Degree of polymerization determination

Dry powders were extracted by 4 M KOH solution containing sodium borohydride (1.0 mg/mL) at 25 °C for 1 h, with solid-to-liquid ratio of 1:10. After being extracted for repeated twice, the alkaline slurry was further washed by distilled water and extracted with 10 mL 8% NaClO2 solution (containing 1.5% glacial acetic acid) at 25 °C for 1 h to obtain crude cellulose. The degree of polymerization of the crude cellulose was determined by an Ubbelohde viscosity meter with the modified viscosity method at ambient temperature (around 25 °C) [37].

Simons’ stain

The overall porosity was measured by Simons’ stain [38]. The DB and DO dyes using the same amount of 10 mg/ml were mixed with the ratio of 1:1. Precisely 0.1 g of dry powders and increasing volumes of the mixed dye solutions (0.25, 0.5, 0.75, 1.00, 1.50 ml) were added into the centrifuge tubes. Phosphate buffered saline solution (pH 6, 0.2 M PO4, 1.40 M NaCl) was added into each tube to make the final volume up to 10 mL. After incubating at 70 °C for 6 h with gentle shaking, the tubes were centrifuged at 6200×g for 10 min. The absorbance of the supernatant solution in the tube was measured at the maximum wave length of 455 nm and 624 nm for DO and DB, respectively. The dye adsorption isotherm was determined to calculate the maximum DB and DY dyes.

Determination of porous parameters of corn straw

The porous parameters of various samples were evaluated by mercury porosimeter (AutoPore IV 9500, Micromeritics Instrument Corporation, USA), with a contact angle of 130° and pressure ranging 1 × 10–1 to 6.1 × 104 psia. Intrusion pressure was directly converted to the relevant pore size through the Washburn equation [39].

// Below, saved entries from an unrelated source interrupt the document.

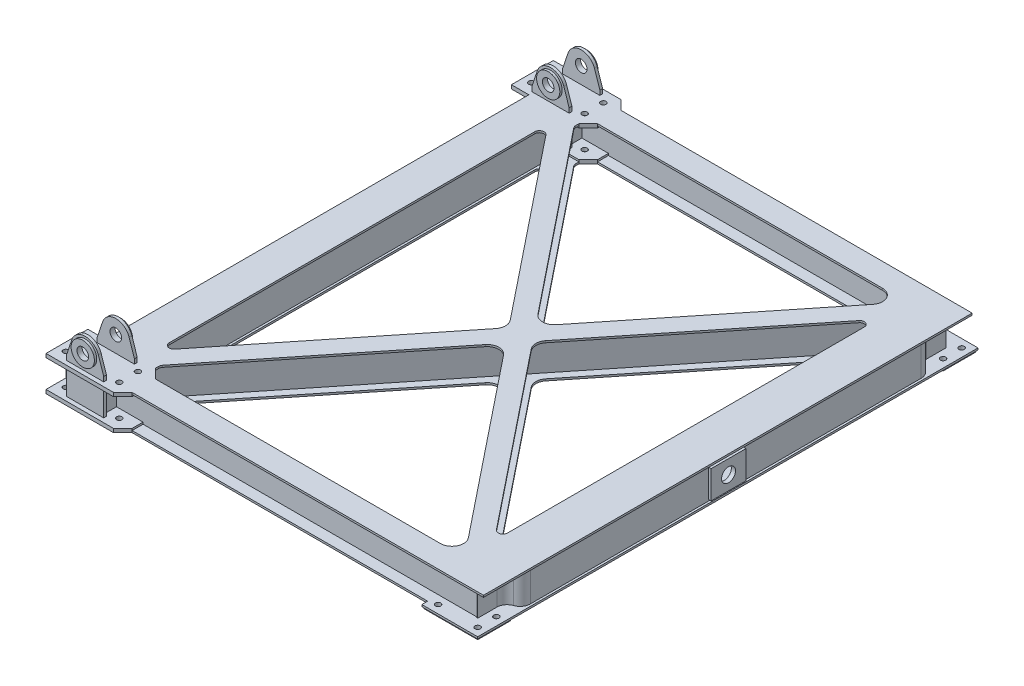
from build123d import *

# Parameters (mm, degrees)
SKETCH_1_W                         = 1765
SKETCH_1_H                         = 2150
EXTRUDE_1_DEPTH                    = 8
SKETCH_2_W                         = 1525
SKETCH_2_H                         = 25
CUT_EXTRUDE_1_DEPTH                = 2782.688156498
SKETCH_4_W                         = 255
SKETCH_4_H                         = 140
CUT_EXTRUDE_2_DEPTH                = 2782.688156498
SKETCH_6_W                         = 6
SKETCH_6_H                         = 1994
SKETCH_6_H_2                       = 2012
EXTRUDE_3_DEPTH                    = 134
SKETCH_7_W                         = 1624
SKETCH_7_H                         = 6
EXTRUDE_5_DEPTH                    = 134
SKETCH_10_W                        = 1765
SKETCH_10_H                        = 2100
EXTRUDE_6_DEPTH                    = 8
CUT_EXTRUDE_3_DEPTH                = 8
FILLET_3_R                         = 50
FILLET_4_R                         = 20
SKETCH_13_R                        = 11.5
EXTRUDE_8_DEPTH                    = 16
EXTRUDE_8_2_DEPTH                  = 16
PATTERN_LINEAR_1_COUNT             = 2
PATTERN_LINEAR_1_PITCH             = 134
SKETCH_14_W                        = 160
SKETCH_14_H                        = 12
EXTRUDE_9_DEPTH                    = 150
SKETCH_15_R                        = 25
CUT_EXTRUDE_4_DEPTH                = 2808.039187471
SKETCH_16_W                        = 160
SKETCH_16_H                        = 12
EXTRUDE_10_DEPTH                   = 134
SKETCH_17_W                        = 6
SKETCH_17_H                        = 118
EXTRUDE_11_DEPTH                   = 84
EXTRUDE_11_2_DEPTH                 = 84
SKETCH_18_W                        = 6
SKETCH_18_H                        = 118
EXTRUDE_12_DEPTH                   = 2132
EXTRUDE_START                      = 10
SKETCH_19_R                        = 50
SKETCH_19_R_2                      = 25
EXTRUDE_13_DEPTH                   = 10
PATTERN_LINEAR_2_COUNT             = 2
PATTERN_LINEAR_2_PITCH             = 154
PATTERN_LINEAR_3_COUNT             = 2
PATTERN_LINEAR_3_PITCH             = 2000
PATTERN_START                      = 10
PATTERN_LINEAR_3_COPY_1_SKETCH_R   = 50
PATTERN_LINEAR_3_COPY_1_SKETCH_R_2 = 25
PATTERN_LINEAR_3_COPY_1_DEPTH      = 10
SKETCH_20_W                        = 230
SKETCH_20_H                        = 140
EXTRUDE_14_DEPTH                   = 8
SKETCH_21_R                        = 11.5
CUT_EXTRUDE_5_DEPTH                = 16
PATTERN_LINEAR_4_COUNT             = 2
PATTERN_LINEAR_4_PITCH             = 170
PATTERN_LINEAR_4_COUNT_DIR2        = 2
PATTERN_LINEAR_4_PITCH_DIR2        = 80
PATTERN_LINEAR_5_COUNT             = 2
PATTERN_LINEAR_5_PITCH             = 2000
PATTERN_LINEAR_5_COPY_1_SKETCH_R   = 11.5
PATTERN_LINEAR_5_COPY_1_DEPTH      = 16
PATTERN_LINEAR_5_COPY_2_SKETCH_R   = 11.5
PATTERN_LINEAR_5_COPY_2_DEPTH      = 16
PATTERN_LINEAR_5_COPY_3_SKETCH_R   = 11.5
PATTERN_LINEAR_5_COPY_3_DEPTH      = 16
SKETCH_23_W                        = 150
SKETCH_23_H                        = 120
EXTRUDE_15_DEPTH                   = 12
SKETCH_24_R                        = 30
CUT_EXTRUDE_6_DEPTH                = 18


with BuildPart() as part:
    # 草图1 → 凸台-拉伸1 (new body)
    with BuildSketch(Plane(origin=(0, 0, 0), x_dir=(1, 0, 0), z_dir=(0, 1, 0))):
        with Locations((882.5, 1075)):
            Rectangle(SKETCH_1_W, SKETCH_1_H)
    extrude(amount=EXTRUDE_1_DEPTH)

    # 草图2 → 切除-拉伸1 (cut, through all)
    with BuildSketch(Plane(origin=(0, 8, 0), x_dir=(1, 0, 0), z_dir=(0, 1, 0))):
        Polygon((215, 2025), (1583.775006101, 2025), (875, 1139.031242374), (215, 1964.031242374), align=None)
        Polygon((1585, 251.531242374), (926.224993899, 1075), (1585, 1898.468757626), align=None)
        Polygon((150, 1917.218757626), (823.775006101, 1075), (150, 232.781242374), align=None)
        Polygon((875, 1010.968757626), (1583.775006101, 125), (215, 125), (215, 185.968757626), align=None)
        with Locations((762.5, 2137.5)):
            Rectangle(SKETCH_2_W, SKETCH_2_H)
        with Locations((762.5, 12.5)):
            Rectangle(SKETCH_2_W, SKETCH_2_H)
    extrude(amount=-CUT_EXTRUDE_1_DEPTH, mode=Mode.SUBTRACT)

    # 草图4 → 切除-拉伸2 (cut, through all)
    with BuildSketch(Plane(origin=(0, 8, 0), x_dir=(1, 0, 0), z_dir=(0, 1, 0))):
        with Locations((127.5, 95)):
            Rectangle(SKETCH_4_W, SKETCH_4_H)
        with Locations((127.5, 2055)):
            Rectangle(SKETCH_4_W, SKETCH_4_H)
    extrude(amount=-CUT_EXTRUDE_2_DEPTH, mode=Mode.SUBTRACT)

    # 草图6 → 凸台-拉伸3 (add)
    with BuildSketch(Plane(origin=(0, 8, 0), x_dir=(1, 0, 0), z_dir=(0, 1, 0))):
        with Locations((138, 1075)):
            Rectangle(SKETCH_6_W, SKETCH_6_H)
        with Locations((12, 1075)):
            Rectangle(SKETCH_6_W, SKETCH_6_H_2)
        with BuildLine():
            Line((1750, 1915), (1750, 235))
            ThreePointArc((1750, 235), (1741.721142199, 209.309534843), (1720, 193.286692771))
            ThreePointArc((1720, 193.286692771), (1698.278857801, 177.263850699), (1690, 151.573385542))
            Line((1690, 151.573385542), (1690, 69))
            Line((1690, 69), (1696, 69))
            Line((1696, 69), (1696, 151.573385542))
            ThreePointArc((1696, 151.573385542), (1704.278857801, 177.263850699), (1726, 193.286692771))
            ThreePointArc((1726, 193.286692771), (1747.721142199, 209.309534843), (1756, 235))
            Line((1756, 235), (1756, 1915))
            ThreePointArc((1756, 1915), (1747.721142199, 1940.690465157), (1726, 1956.713307229))
            ThreePointArc((1726, 1956.713307229), (1704.278857801, 1972.736149301), (1696, 1998.426614458))
            Line((1696, 1998.426614458), (1696, 2081))
            Line((1696, 2081), (1690, 2081))
            Line((1690, 2081), (1690, 1998.426614458))
            ThreePointArc((1690, 1998.426614458), (1698.278857801, 1972.736149301), (1720, 1956.713307229))
            ThreePointArc((1720, 1956.713307229), (1741.721142199, 1940.690465157), (1750, 1915))
        make_face()
        with Locations((1597, 1075)):
            Rectangle(SKETCH_6_W, SKETCH_6_H)
    extrude(amount=EXTRUDE_3_DEPTH)

    # 草图7 → 凸台-拉伸5 (add)
    with BuildSketch(Plane(origin=(0, 8, 0), x_dir=(1, 0, 0), z_dir=(0, 1, 0))):
        with Locations((882.5, 2075)):
            Rectangle(SKETCH_7_W, SKETCH_7_H)
        with Locations((882.5, 75)):
            Rectangle(SKETCH_7_W, SKETCH_7_H)
        Polygon((1594, 1969.177343178), (1594, 1959.572656822), (886.341874542, 1075), (1594, 190.427343178), (1594, 180.822656822), (882.5, 1070.197656822), (141, 143.322656822), (141, 152.927343178), (878.658125458, 1075), (141, 1997.072656822), (141, 2006.677343178), (882.5, 1079.802343178), align=None)
    extrude(amount=EXTRUDE_5_DEPTH)

    # 草图10 → 凸台-拉伸6 (add)
    with BuildSketch(Plane(origin=(0, 142, 0), x_dir=(1, 0, 0), z_dir=(0, 1, 0))):
        with Locations((882.5, 1075)):
            Rectangle(SKETCH_10_W, SKETCH_10_H)
    extrude(amount=EXTRUDE_6_DEPTH)

    # 草图11 → 切除-拉伸3 (cut)
    with BuildSketch(Plane(origin=(0, 150, 0), x_dir=(1, 0, 0), z_dir=(0, 1, 0))):
        Polygon((0, 2125), (255, 2125), (255, 2025), (1583.775006101, 2025), (875, 1139.031242374), (215, 1964.031242374), (215, 1985), (0, 1985), align=None)
        Polygon((823.775006101, 1075), (150, 232.781242374), (150, 1917.218757626), align=None)
        Polygon((1585, 1898.468757626), (926.224993899, 1075), (1585, 251.531242374), align=None)
        Polygon((0, 25), (0, 165), (215, 165), (215, 185.968757626), (875, 1010.968757626), (1583.775006101, 125), (255, 125), (255, 25), align=None)
    extrude(amount=-CUT_EXTRUDE_3_DEPTH, mode=Mode.SUBTRACT)

    # 圆角3
    fillet_3_edges = [part.edges().sort_by_distance(p)[0] for p in [
        (926.224993899, 4, -1075),
        (926.224993899, 146, -1075),
        (875, 4, -1139.031242374),
        (875, 146, -1139.031242374),
        (823.775006101, 4, -1075),
        (823.775006101, 146, -1075),
        (875, 146, -1010.968757626),
        (875, 4, -1010.968757626),
        (1583.775006101, 146, -2025),
        (1583.775006101, 4, -2025),
        (1583.775006101, 146, -125),
        (1583.775006101, 4, -125),
    ]]
    fillet(fillet_3_edges, radius=FILLET_3_R)

    # 圆角4
    fillet_4_edges = [part.edges().sort_by_distance(p)[0] for p in [
        (150, 146, -1917.218757626),
        (150, 4, -1917.218757626),
        (1585, 146, -1898.468757626),
        (1585, 4, -1898.468757626),
        (1585, 146, -251.531242374),
        (1585, 4, -251.531242374),
        (150, 4, -232.781242374),
        (150, 146, -232.781242374),
        (215, 146, -1964.031242374),
        (215, 4, -1964.031242374),
        (215, 4, -185.968757626),
        (215, 146, -185.968757626),
    ]]
    fillet(fillet_4_edges, radius=FILLET_4_R)


with BuildPart() as body_2:
    # 草图13 → 凸台-拉伸8 (new body)
    with BuildSketch(Plane.XZ):
        Polygon((255, -125), (255, -25), (215, 15), (-75, 15), (-75, -165), (215, -165), align=None)
        with Locations((190, -35)):
            Circle(SKETCH_13_R, mode=Mode.SUBTRACT)
        with Locations((190, -115)):
            Circle(SKETCH_13_R, mode=Mode.SUBTRACT)
        with Locations((-40, -35)):
            Circle(SKETCH_13_R, mode=Mode.SUBTRACT)
        with Locations((-40, -115)):
            Circle(SKETCH_13_R, mode=Mode.SUBTRACT)
    extrude_8 = extrude(amount=-EXTRUDE_8_DEPTH)


with BuildPart() as body_3:
    # 草图13 → Extrude 8 2 (new body)
    with BuildSketch(Plane.XZ):
        Polygon((255, -2025), (215, -1985), (-75, -1985), (-75, -2165), (215, -2165), (255, -2125), align=None)
        with Locations((-40, -2035)):
            Circle(SKETCH_13_R, mode=Mode.SUBTRACT)
        with Locations((-40, -2115)):
            Circle(SKETCH_13_R, mode=Mode.SUBTRACT)
        with Locations((190, -2035)):
            Circle(SKETCH_13_R, mode=Mode.SUBTRACT)
        with Locations((190, -2115)):
            Circle(SKETCH_13_R, mode=Mode.SUBTRACT)
    extrude_8_2 = extrude(amount=-EXTRUDE_8_2_DEPTH)


with BuildPart() as part_1:
    add(part.part)

    # 阵列(线性)1: 凸台-拉伸8, Extrude 8 2 ×2
    with Locations(*[(0, i * PATTERN_LINEAR_1_PITCH, 0) for i in range(1, PATTERN_LINEAR_1_COUNT)]):
        add(extrude_8)
        add(extrude_8_2)

    # 草图14 → 凸台-拉伸9 (add)
    with BuildSketch(Plane(origin=(0, 150, 0), x_dir=(1, 0, 0), z_dir=(0, 1, 0))):
        with Locations((75, 2141)):
            Rectangle(SKETCH_14_W, SKETCH_14_H)
        with Locations((75, 2009)):
            Rectangle(SKETCH_14_W, SKETCH_14_H)
        with Locations((75, 141)):
            Rectangle(SKETCH_14_W, SKETCH_14_H)
        with Locations((75, 9)):
            Rectangle(SKETCH_14_W, SKETCH_14_H)
    extrude(amount=EXTRUDE_9_DEPTH)

    # 草图15 → 切除-拉伸4 (cut, through all)
    with BuildSketch(Plane.XY.offset(-3)):
        with Locations((75, 220)):
            Circle(SKETCH_15_R)
        with BuildLine():
            Line((-5, 170), (-5, 300))
            Line((-5, 300), (155, 300))
            Line((155, 300), (155, 170))
            Line((155, 170), (131.899246818, 239.038794908))
            ThreePointArc((131.899246818, 239.038794908), (75, 280), (18.100753182, 239.038794908))
            Line((18.100753182, 239.038794908), (-5, 170))
        make_face()
    extrude(amount=-CUT_EXTRUDE_4_DEPTH, mode=Mode.SUBTRACT)

    add(body_2.part)  # 凸台-拉伸10 merges body 2

    add(body_3.part)  # 凸台-拉伸10 merges body 3
    # 草图16 → 凸台-拉伸10 (add)
    with BuildSketch(Plane(origin=(0, 150, 0), x_dir=(1, 0, 0), z_dir=(0, 1, 0))):
        with Locations((75, 9)):
            Rectangle(SKETCH_16_W, SKETCH_16_H)
        with Locations((75, 141)):
            Rectangle(SKETCH_16_W, SKETCH_16_H)
        with Locations((75, 2009)):
            Rectangle(SKETCH_16_W, SKETCH_16_H)
        with Locations((75, 2141)):
            Rectangle(SKETCH_16_W, SKETCH_16_H)
    extrude(amount=-EXTRUDE_10_DEPTH)



with BuildPart() as body_2_2:
    # 草图17 → 凸台-拉伸11 (new body)
    with BuildSketch(Plane.ZY.offset(75)):
        with Locations((-75, 75)):
            Rectangle(SKETCH_17_W, SKETCH_17_H)
    extrude(amount=-EXTRUDE_11_DEPTH)


with BuildPart() as body_3_2:
    # 草图17 → Extrude 11 2 (new body)
    with BuildSketch(Plane.ZY.offset(75)):
        with Locations((-2075, 75)):
            Rectangle(SKETCH_17_W, SKETCH_17_H)
    extrude(amount=-EXTRUDE_11_2_DEPTH)


with BuildPart() as part_2:
    add(part_1.part)

    add(body_2_2.part)  # 凸台-拉伸12 merges body 2 2

    add(body_3_2.part)  # 凸台-拉伸12 merges body 3 2
    # 草图18 → 凸台-拉伸12 (add)
    with BuildSketch(Plane.XY.offset(-3)):
        with Locations((12, 75)):
            Rectangle(SKETCH_18_W, SKETCH_18_H)
        with Locations((138, 75)):
            Rectangle(SKETCH_18_W, SKETCH_18_H)
    extrude(amount=-EXTRUDE_12_DEPTH)

    # 草图19 → 凸台-拉伸13 (add)
    with BuildSketch(Plane.XY.offset(-3).offset(EXTRUDE_START)):
        with Locations((75, 220)):
            Circle(SKETCH_19_R)
        with Locations((75, 220)):
            Circle(SKETCH_19_R_2, mode=Mode.SUBTRACT)
    extrude_13 = extrude(amount=-EXTRUDE_13_DEPTH)

    # 阵列(线性)2: 凸台-拉伸13 ×2
    with Locations(*[(0, 0, -i * PATTERN_LINEAR_2_PITCH) for i in range(1, PATTERN_LINEAR_2_COUNT)]):
        add(extrude_13)

    # 阵列(线性)3: 凸台-拉伸13 ×2
    with Locations(*[(0, 0, -i * PATTERN_LINEAR_3_PITCH) for i in range(1, PATTERN_LINEAR_3_COUNT)]):
        add(extrude_13)

    # 阵列(线性)3 copy 1 sketch → 阵列(线性)3 copy 1 (add)
    with BuildSketch(Plane.XY.offset(-2157).offset(PATTERN_START)):
        with Locations((75, 220)):
            Circle(PATTERN_LINEAR_3_COPY_1_SKETCH_R)
        with Locations((75, 220)):
            Circle(PATTERN_LINEAR_3_COPY_1_SKETCH_R_2, mode=Mode.SUBTRACT)
    extrude(amount=-PATTERN_LINEAR_3_COPY_1_DEPTH)

    # 草图20 → 凸台-拉伸14 (add)
    with BuildSketch(Plane.XZ):
        with Locations((1645, -75)):
            Rectangle(SKETCH_20_W, SKETCH_20_H)
        with Locations((1645, -2075)):
            Rectangle(SKETCH_20_W, SKETCH_20_H)
    extrude(amount=EXTRUDE_14_DEPTH)

    # 草图21 → 切除-拉伸5 (cut)
    with BuildSketch(Plane.XZ.offset(8)):
        with Locations((1560, -35)):
            Circle(SKETCH_21_R)
    cut_extrude_5 = extrude(amount=-CUT_EXTRUDE_5_DEPTH, mode=Mode.SUBTRACT)

    # 阵列(线性)4: Cut-Extrude 5 2 × 2
    with Locations(*[(i * PATTERN_LINEAR_4_PITCH, 0, -j * PATTERN_LINEAR_4_PITCH_DIR2) for i in range(PATTERN_LINEAR_4_COUNT) for j in range(PATTERN_LINEAR_4_COUNT_DIR2) if (i, j) != (0, 0)]):
        add(cut_extrude_5, mode=Mode.SUBTRACT)

    # 阵列(线性)5: 切除-拉伸5 ×2
    with Locations(*[(0, 0, -i * PATTERN_LINEAR_5_PITCH) for i in range(1, PATTERN_LINEAR_5_COUNT)]):
        add(cut_extrude_5, mode=Mode.SUBTRACT)

    # 阵列(线性)5 copy 1 sketch → 阵列(线性)5 copy 1 (cut)
    with BuildSketch(Plane(origin=(0, -8, -2080), x_dir=(1, 0, 0), z_dir=(0, -1, 0))):
        with Locations((1560, -35)):
            Circle(PATTERN_LINEAR_5_COPY_1_SKETCH_R)
    extrude(amount=-PATTERN_LINEAR_5_COPY_1_DEPTH, mode=Mode.SUBTRACT)

    # 阵列(线性)5 copy 2 sketch → 阵列(线性)5 copy 2 (cut)
    with BuildSketch(Plane(origin=(170, -8, -2000), x_dir=(1, 0, 0), z_dir=(0, -1, 0))):
        with Locations((1560, -35)):
            Circle(PATTERN_LINEAR_5_COPY_2_SKETCH_R)
    extrude(amount=-PATTERN_LINEAR_5_COPY_2_DEPTH, mode=Mode.SUBTRACT)

    # 阵列(线性)5 copy 3 sketch → 阵列(线性)5 copy 3 (cut)
    with BuildSketch(Plane(origin=(170, -8, -2080), x_dir=(1, 0, 0), z_dir=(0, -1, 0))):
        with Locations((1560, -35)):
            Circle(PATTERN_LINEAR_5_COPY_3_SKETCH_R)
    extrude(amount=-PATTERN_LINEAR_5_COPY_3_DEPTH, mode=Mode.SUBTRACT)

    # 草图23 → 凸台-拉伸15 (add)
    with BuildSketch(Plane(origin=(1756, 0, 0), x_dir=(0, 0, -1), z_dir=(1, 0, 0))):
        with Locations((1075, 75)):
            Rectangle(SKETCH_23_W, SKETCH_23_H)
    extrude_15 = extrude(amount=EXTRUDE_15_DEPTH)

    # 草图24 → 切除-拉伸6 (cut)
    with BuildSketch(Plane(origin=(1768, 0, 0), x_dir=(0, 0, -1), z_dir=(1, 0, 0))):
        with Locations((1075, 75)):
            Circle(SKETCH_24_R)
    cut_extrude_6 = extrude(amount=-CUT_EXTRUDE_6_DEPTH, mode=Mode.SUBTRACT)

    # 镜向1: 凸台-拉伸15, 切除-拉伸6 across plane
    add(extrude_15.mirror(Plane(origin=(1675, 0, 0), x_dir=(0, 0, 1), z_dir=(1, 0, 0))))
    add(cut_extrude_6.mirror(Plane(origin=(1675, 0, 0), x_dir=(0, 0, 1), z_dir=(1, 0, 0))), mode=Mode.SUBTRACT)


solid = part_2.part

Sectioning and cellulase labeling

To visualize the enzyme adsorption, pieces (around 5 mm) were cut from the middle portion of each fresh sample and embedded by tissue freezing medium (Leica, 4 fl) under – 20 °C. The transverse slices (8 μm in thickness) of different samples were prepared using Leica cryostat (Leica, RM2015) for confocal laser scanning microscopy (CLSM, LSM-710, ZEISS, Germany). The cellulase labeling procedure was carried out as the manufacturer’s instructions adopted by Donaldson with a slight modification [28]. Concretely, the freeze-dried cellulase powder was dissolved in borate-phosphate buffered saline (0.05 M, pH 7.5) and mixed with DyLight 633™ in the tube covered with aluminum foil at ambient temperature (around 25 °C) for 60 min, with gentle shaking [40]. And then the mixture was passed through the supplied resin and centrifuged multiple times (6200×g, 15 min) to separate the unlabeled fluorophore. The purified labeled cellulase was kept at 4 °C avoiding light. Cellulase (the given average molecular weight of 65 kDa), with fluorophore-to-protein molar ratio of 7.48:1, was used to label the section of samples for 60 min. The distribution of the label cellulase on cell wall was described by CLSM, using the identical instrument settings: 10 × /1.40 NA Plan-Apochromatic objective lens, pinhole size of 1 AU, 405 nm and 633 nm sequential excitation, and 410–480 nm (blue lignin autofluorescence), and 650–750 (red DyLight 633™ labeled cellulase fluorescence) emission. Lignin fluorescence and labeled enzyme were visualized by sequential excitation, without any significant bleed-through of signals. All images were shown under the uniform condition with optimal intensity.

Statistical analysis

Heat map and dendrogram were plotted using the original “heatmap” function shipped with R installation, based on the hierarchical clustering results of saccharification ratio. Biological triplicates were selected for each corn cultivar. Chemical and physical analysis was carried out in technical triplicates to ensure reproducibility. The data were expressed as the mean of triplicates ± standard deviation (SD). Statistical analysis was carried out using the SPSS statistical software with one-way ANOVA. The results were considered statistically significant, when P value of the differences was lower than 5% at the 95% confidence interval.